Why it matters: This example is the topic's explicit return to Example 1's founding discipline, now applied across three different complexity classes at once: every complexity claim made anywhere in this topic -- and in any real codebase -- should be backed by exactly this kind of doubling test, not merely asserted from memory or intuition.
Example 79: 0/1 Knapsack Paradigm Shootout
ex-79 · exercises co-22, co-23, co-05
The same 0/1 knapsack problem solved three ways exposes each paradigm's tradeoff: brute force is always correct but O(2^n); greedy is fast but can be wrong; DP trades memory for a guarantee of correctness at O(n * capacity). This example confirms DP matches brute force's optimum while greedy falls short, then measures exactly where DP's step count overtakes brute force's as items grow.
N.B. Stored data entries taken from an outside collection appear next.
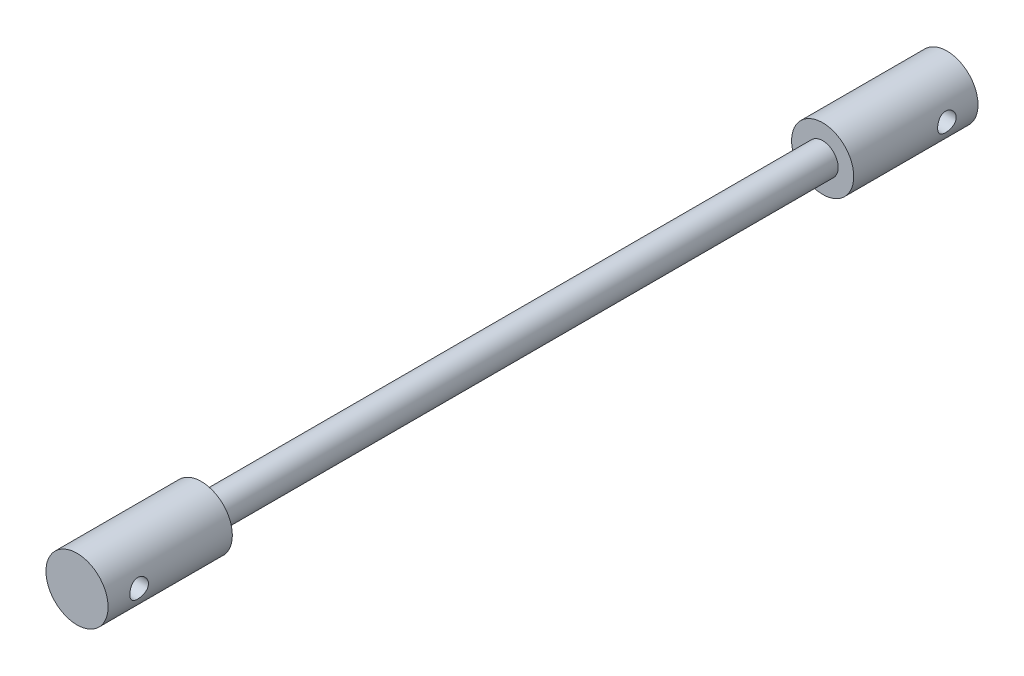
SolidWorks part; units mm, degrees
ref_plane "Front Plane" through (0, 0, 0) normal (0, 0, 1) x (1, 0, 0)
ref_plane "Top Plane" through (0, 0, 0) normal (0, 1, 0) x (1, 0, 0)
ref_plane "Right Plane" through (0, 0, 0) normal (1, 0, 0) x (0, 0, -1)
sketch "Sketch1" plane through (0, 0, 0) normal (0, 0, 1) x (1, 0, 0)
  circle A0 centre (0, 0) radius 5
  dimension "D1" = 10
extrude "Boss-Extrude1" add sketch "Sketch1" along normal blind 20
sketch "Sketch3" plane through (0, 0, 20) normal (0, 0, 1) x (1, 0, 0)
  circle A0 centre (0, 0) radius 2.5
  dimension "D1" = 5
extrude "Boss-Extrude2" add sketch "Sketch3" along normal blind 50
ref_plane "Plane1" through (5, 0, 0) normal (1, 0, 0) x (0, 0, -1)
sketch "Sketch7" plane through (5, 0, 0) normal (1, 0, 0) x (0, 0, -1)
  line L0 (0, 0) -> (-20, 0) construction
  line L1 (-20, 5) -> (-20, -5) construction
  circle A0 centre (-5, 0) radius 1.5
  dimension "D1" = 3
  dimension "D2" = 5
extrude "Cut-Extrude1" cut sketch "Sketch7" against normal through all
ref_plane "Plane2" through (0, 0, 70) normal (0, 0, 1) x (1, 0, 0)
mirror "Mirror4" about plane through (0, 0, 70) normal (0, 0, 1) of "Boss-Extrude2"
mirror "Mirror5" about plane through (0, 0, 70) normal (0, 0, 1) of "Boss-Extrude1"
sketch "Sketch9" plane through (5, 0, 0) normal (1, 0, 0) x (0, 0, -1)
  line L0 (0, 0) -> (-140, 0) construction
  line L1 (-140, 5) -> (-140, -5) construction
  circle A0 centre (-135, 0) radius 1.5
  dimension "D1" = 3
  dimension "D2" = 5
extrude "Cut-Extrude2" cut sketch "Sketch9" against normal through all

learning/code/ex-79-benchmark-paradigm-shootout/example.py
"""Example 79: 0/1 Knapsack -- Brute Force vs Greedy vs DP, and Where They Cross."""
# The SAME problem (0/1 knapsack) solved three ways exposes each paradigm's
# tradeoff (co-05, co-22, co-23): brute force is always correct but O(2^n);
# greedy is fast but can be WRONG (no exchange-argument proof applies here);
# DP trades memory for a GUARANTEE of correctness at O(n * capacity). Step
# counts (not wall-clock) reveal exactly where DP overtakes brute force.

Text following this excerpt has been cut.